**What the task requires**
Within the data that follows, set down exactly the lines from the one containing "point P0 (6.75, 0)" through the one containing "line L18 (-39.8107, 67.675)", both ends included.

══════

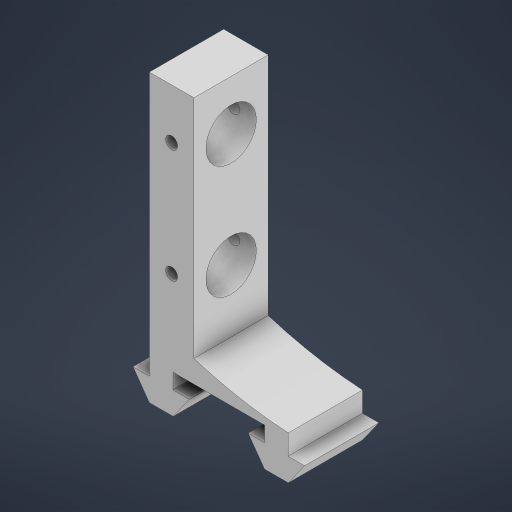
# Autodesk Inventor part: Part1
Saved by Autodesk Inventor 2023 (Build 270158000, 158)
## iProperties
Created: 2022-12-14
Part Number: Part1
Material: Generic
Document SubType Name: Modeling
Designer: CB110-09
Density: 1 g/cm^3
Appearance: Default
Author: CB110-09
Autodesk Inventor part; units mm, degrees
ref_plane "YZ Plane" through (0, 0, 0) normal (1, 0, 0) x (0, 1, 0)
ref_plane "XZ Plane" through (0, 0, 0) normal (0, 1, 0) x (-1, 0, 0)
ref_plane "XY Plane" through (0, 0, 0) normal (0, 0, 1) x (1, 0, 0)
sketch "Sketch1" plane through (0, 0, 0) normal (0, 0, 1) x (1, 0, 0)
  line L0 (4, 3.875) -> (-4, 3.875)
  line L1 (-4, 3.875) -> (-4, -3.875)
  line L2 (-4, -3.875) -> (4, -3.875)
  line L3 (4, -3.875) -> (4, 3.875)
  line L4 (4, 3.875) -> (-4, -3.875) construction
  line L5 (-4, 3.875) -> (4, -3.875) construction
  line L6 (4, 3.875) -> (9.5, 3.875)
  line L7 (-4, 3.875) -> (-9.5, 3.875)
  line L8 (4, -3.875) -> (9.5, 3.875)
  line L9 (-4, -3.875) -> (-9.5, 3.875)
  point P0 (0, 0)
  point P1 (0, 3.875)
  dimension "d0" = 8
  dimension "d1" = 7.75
  dimension "d2" = 9.5
  dimension "d3" = 9.5
  constraints: 20 end point, 3 horizontal, 3 midpoint, 2 parallel, 1 perpendicular
  measures "d0" distance of L2.end L1.end
  measures "d1" distance of L1.end L0.end
  measures "d2" distance of L6.end point (0, 3.875)
  measures "d3" distance of point (0, 3.875) L7.end
extrude "Extrusion1" add sketch "Sketch1" along normal blind 25
sketch "Sketch2" plane through (-9.5, 3.875, 0) normal (0, 1, 0) x (1, 0, 0)
  line L0 (0, 0) -> (5.5, 0) projected
  line L1 (5.5, -25) -> (13.5, -25) projected
  line L2 (5.5, 0) -> (5.5, -25)
  line L3 (5.5, -25) -> (13.5, -25)
  line L4 (13.5, 0) -> (19, 0) projected
  line L5 (13.5, -25) -> (13.5, 0)
  line L6 (5.5, 0) -> (13.5, 0) projected
  line L7 (13.5, 0) -> (5.5, 0)
  point P0 (9.5, 0)
  dimension "d6" = 8
  constraints: 8 end point, 2 collinear, 1 perpendicular, 1 vertical
  measures "d6" distance of L0.end L4.start
extrude "Extrusion2" add sketch "Sketch2" along normal blind 5
sketch "Sketch3" plane through (0, 0, 25) normal (0, 0, 1) x (1, 0, 0)
  line L0 (0, 0) -> (14.2258, 0)
  line L1 (-4, -3.875) -> (4, -3.875) projected
  line L2 (4, -3.875) -> (9.5, 3.875) projected
  line L3 (4, -3.875) -> (9.5, 3.875)
  line L4 (9.5, 3.875) -> (4, 3.875)
  line L5 (4, 3.875) -> (4, 8.875) projected
  line L6 (4, 3.875) -> (4, 8.875)
  line L7 (-4, 3.875) -> (-4, 8.875) projected
  line L8 (4, 8.875) -> (-4, 8.875)
  line L9 (-4, 8.875) -> (-4, 3.875)
  line L10 (-4, 3.875) -> (-9.5, 3.875) projected
  line L11 (-4, 3.875) -> (-9.5, 3.875)
  line L12 (-9.5, 3.875) -> (-4, -3.875)
  line L13 (42.75, -3.875) -> (48.25, 3.875)
  line L14 (48.25, 3.875) -> (42.75, 3.875)
  line L15 (42.75, 3.875) -> (42.75, 8.875)
  line L16 (42.75, 8.875) -> (34.75, 8.875)
  line L17 (34.75, 8.875) -> (34.75, 3.875)
  line L18 (34.75, 3.875) -> (29.25, 3.875)
  line L19 (29.25, 3.875) -> (34.75, -3.875)
  line L20 (34.75, -3.875) -> (42.75, -3.875)
  line L21 (34.75, 8.875) -> (42.75, 8.875)
  line L22 (42.75, 8.875) -> (42.75, 8.975)
  line L23 (42.75, 8.975) -> (34.75, 8.975)
  line L24 (34.75, 8.975) -> (34.75, 8.875)
  line L25 (4, 8.875) -> (-4, 8.875)
  line L26 (-4, 8.875) -> (-4, 8.975)
  line L27 (-4, 8.975) -> (4, 8.975)
  line L28 (4, 8.975) -> (4, 8.875)
  line L29 (-4, 8.975) -> (42.75, 8.975)
  line L30 (42.75, 8.975) -> (42.75, 10.675)
  line L31 (42.75, 10.675) -> (-4, 10.675)
  line L32 (-4, 10.675) -> (-4, 8.975)
  point P0 (6.75, 0)
  point P1 (38.75, 0)
  point P2 (52.9758, 0)
  point P3 (45.5, 0)
  dimension "d9" = 6.75
  dimension "d12" = 38.75
  dimension "d19" = 1.7
  dimension "d22" = 0.1
  constraints: 56 end point, 9 equal length, 7 horizontal, 5 perpendicular, 1 midpoint, 1 point on line, 18 other
  measures "d9" distance of point (6.75, 0) L0.start
  measures "d12" distance of L0.start point (38.75, 0)
  measures "d19" distance of L22.end L30.end
  measures "d22" distance of L22.end L21.end
extrude "Extrusion3" add sketch "Sketch3" against normal blind 25 contours L26 L27 L28 L8 | L23 L22 L16 L24 | L16 L15 L14 L13 L20 L19 L18 L17
extrude "Extrusion4" add sketch "Sketch3" against normal blind 25 contours L32 L31 L30 L23 L29 L27
sketch "Sketch4" plane through (0, 0, 25) normal (0, 0, 1) x (1, 0, 0)
  line L0 (42.75, 10.675) -> (-4, 10.675) projected
  line L1 (-4, 10.675) -> (42.75, 10.675)
  line L2 (42.75, 10.675) -> (42.75, 92.475)
  line L3 (42.75, 92.475) -> (-4, 92.475)
  line L4 (-4, 92.475) -> (-4, 10.675)
  line L5 (-4, 10.675) -> (11, 10.675)
  line L6 (11, 10.675) -> (11, 92.475)
  line L7 (11, 92.475) -> (-4, 92.475)
  line L8 (-4, 92.475) -> (-4, 10.675)
  line L9 (78.9241, 46.475) -> (-27.5343, 46.475)
  line L10 (-27.5343, 46.475) -> (-27.5343, 66.675)
  line L11 (-27.5343, 66.675) -> (78.9241, 66.675)
  line L12 (78.9241, 66.675) -> (78.9241, 46.475)
  line L13 (4, 8.975) -> (34.75, 8.975) projected
  line L14 (-36.8215, 45.475) -> (107.9586, 45.475)
  line L15 (107.9586, 45.475) -> (107.9586, 29.475)
  line L16 (107.9586, 29.475) -> (-36.8215, 29.475)
  line L17 (-36.8215, 29.475) -> (-36.8215, 45.475)
  line L18 (-39.8107, 67.675) -> (114.95, 67.675)
  line L19 (114.95, 67.675) -> (114.95, 83.675)
  line L20 (114.95, 83.675) -> (-39.8107, 83.675)
  line L21 (-39.8107, 83.675) -> (-39.8107, 67.675)
  point P0 (0, 0)
  dimension "d23" = 81.8
  dimension "d24" = 15
  dimension "d25" = 37.5
  dimension "d26" = 20.2
  dimension "d27" = 16
  dimension "d28" = 18.8
  dimension "d29" = 16
  dimension "d30" = 1
  dimension "d31" = 1
  dimension "d36" = 8.8
  dimension "d37" = 47
  constraints: 40 end point, 10 parallel, 5 horizontal, 5 perpendicular, 2 point on line
  measures "d23" distance of L1.end L2.end
  measures "d24" distance of L7.end L6.end
  measures "d25" distance between parallel lines of L9 L13
  measures "d26" distance between parallel lines of L11 L9
  measures "d27" distance of L14.end L15.end
  measures "d28" distance between parallel lines of L16 L0
  measures "d29" distance of L18.end L19.end
  measures "d30" distance between parallel lines of L9 L14
  measures "d31" distance between parallel lines of L18 L11
  measures "d36" distance between parallel lines of L20 L3
  measures "d37" distance between parallel lines of L14 L3
extrude "Extrusion5" add sketch "Sketch4" against normal blind 25 contours L0 L4 L16 L6 | L16 L4 L14 L6 | L14 L4 L9 L6 | L9 L4 L11 L6 | L11 L4 L18 L6 | L18 L4 L20 L6 | L20 L4 L3 L6
sketch "Sketch5" plane through (0, 0, 25) normal (0, 0, 1) x (1, 0, 0)
  line L0 (11, 92.475) -> (11, 10.675) projected
  line L1 (42.75, 10.675) -> (42.75, 3.875) projected
  arc A0 (11, 16.49) -> (42.75, 10.675) centre (50.7681, 144.0402) ccw
  line L2 (11, 16.49) -> (11, 10.675)
  line L3 (11, 10.675) -> (42.75, 10.675) projected
  line L4 (42.75, 10.675) -> (11, 10.675)
  line L5 (34.75, 8.975) -> (4, 8.975) projected
  point P0 (0, 0)
  constraints: 4 end point, 2 point on circle, 1 centre point, 1 parallel, 1 point on line, 1 vertical
extrude "Extrusion6" add sketch "Sketch5" against normal blind 25
sketch "Sketch6" plane through (-4, 3.875, 0) normal (-1, 0, 0) x (0, 0, 1)
  line L0 (25, 88.6) -> (0, 88.6) projected
  line L1 (25, 0) -> (25, 88.6) projected
  circle A0 centre (12.5, 71.8) radius 8.5
  circle A1 centre (12.5, 33.6) radius 8.5
  point P0 (0, -3.875)
  dimension "d38" = 16.8
  dimension "d39" = 12.5
  dimension "d40" = 17
  dimension "d41" = 55
  dimension "d42" = 17
  constraints: 2 centre point, 2 coincident
  measures "d38" distance from line of L0 point (12.5, 71.8)
  measures "d39" distance from line of L1 point (12.5, 71.8)
  measures "d40" diameter of A0
  measures "d41" distance from line of L0 point (12.5, 33.6)
  measures "d42" diameter of A1
extrude "Extrusion7" cut sketch "Sketch6" against normal blind 25
sketch "Sketch7" plane through (0, 0, 25) normal (0, 0, 1) x (1, 0, 0)
  line L0 (11, 16.49) -> (11, 92.475) projected
  line L1 (11, 92.475) -> (-4, 92.475) projected
  point P0 (0, 0)
  point P1 (3.5, 75.675)
  point P2 (3.5, 92.475)
  point P3 (3.5, 37.475)
  dimension "d45" = 7.5
  dimension "d46" = 16.8
  dimension "d47" = 55
  constraints: 1 midpoint
  measures "d45" distance from line of L0 point (3.5, 75.675)
  measures "d46" distance of point (3.5, 92.475) point (3.5, 75.675)
  measures "d47" distance from line of L1 point (3.5, 37.475)
hole "Hole1" at (3.5, 37.475, 25) at (3.5, 75.675, 25) direction (0, 0, -1) diameter 4 end through all
body "Solid1"

══════

**Solution to this exercise**
  point P0 (6.75, 0)
  point P1 (38.75, 0)
  point P2 (52.9758, 0)
  point P3 (45.5, 0)
  dimension "d9" = 6.75
  dimension "d12" = 38.75
  dimension "d19" = 1.7
  dimension "d22" = 0.1
  constraints: 56 end point, 9 equal length, 7 horizontal, 5 perpendicular, 1 midpoint, 1 point on line, 18 other
  measures "d9" distance of point (6.75, 0) L0.start
  measures "d12" distance of L0.start point (38.75, 0)
  measures "d19" distance of L22.end L30.end
  measures "d22" distance of L22.end L21.end
extrude "Extrusion3" add sketch "Sketch3" against normal blind 25 contours L26 L27 L28 L8 | L23 L22 L16 L24 | L16 L15 L14 L13 L20 L19 L18 L17
extrude "Extrusion4" add sketch "Sketch3" against normal blind 25 contours L32 L31 L30 L23 L29 L27
sketch "Sketch4" plane through (0, 0, 25) normal (0, 0, 1) x (1, 0, 0)
  line L0 (42.75, 10.675) -> (-4, 10.675) projected
  line L1 (-4, 10.675) -> (42.75, 10.675)
  line L2 (42.75, 10.675) -> (42.75, 92.475)
  line L3 (42.75, 92.475) -> (-4, 92.475)
  line L4 (-4, 92.475) -> (-4, 10.675)
  line L5 (-4, 10.675) -> (11, 10.675)
  line L6 (11, 10.675) -> (11, 92.475)
  line L7 (11, 92.475) -> (-4, 92.475)
  line L8 (-4, 92.475) -> (-4, 10.675)
  line L9 (78.9241, 46.475) -> (-27.5343, 46.475)
  line L10 (-27.5343, 46.475) -> (-27.5343, 66.675)
  line L11 (-27.5343, 66.675) -> (78.9241, 66.675)
  line L12 (78.9241, 66.675) -> (78.9241, 46.475)
  line L13 (4, 8.975) -> (34.75, 8.975) projected
  line L14 (-36.8215, 45.475) -> (107.9586, 45.475)
  line L15 (107.9586, 45.475) -> (107.9586, 29.475)
  line L16 (107.9586, 29.475) -> (-36.8215, 29.475)
  line L17 (-36.8215, 29.475) -> (-36.8215, 45.475)
  line L18 (-39.8107, 67.675) -> (114.95, 67.675)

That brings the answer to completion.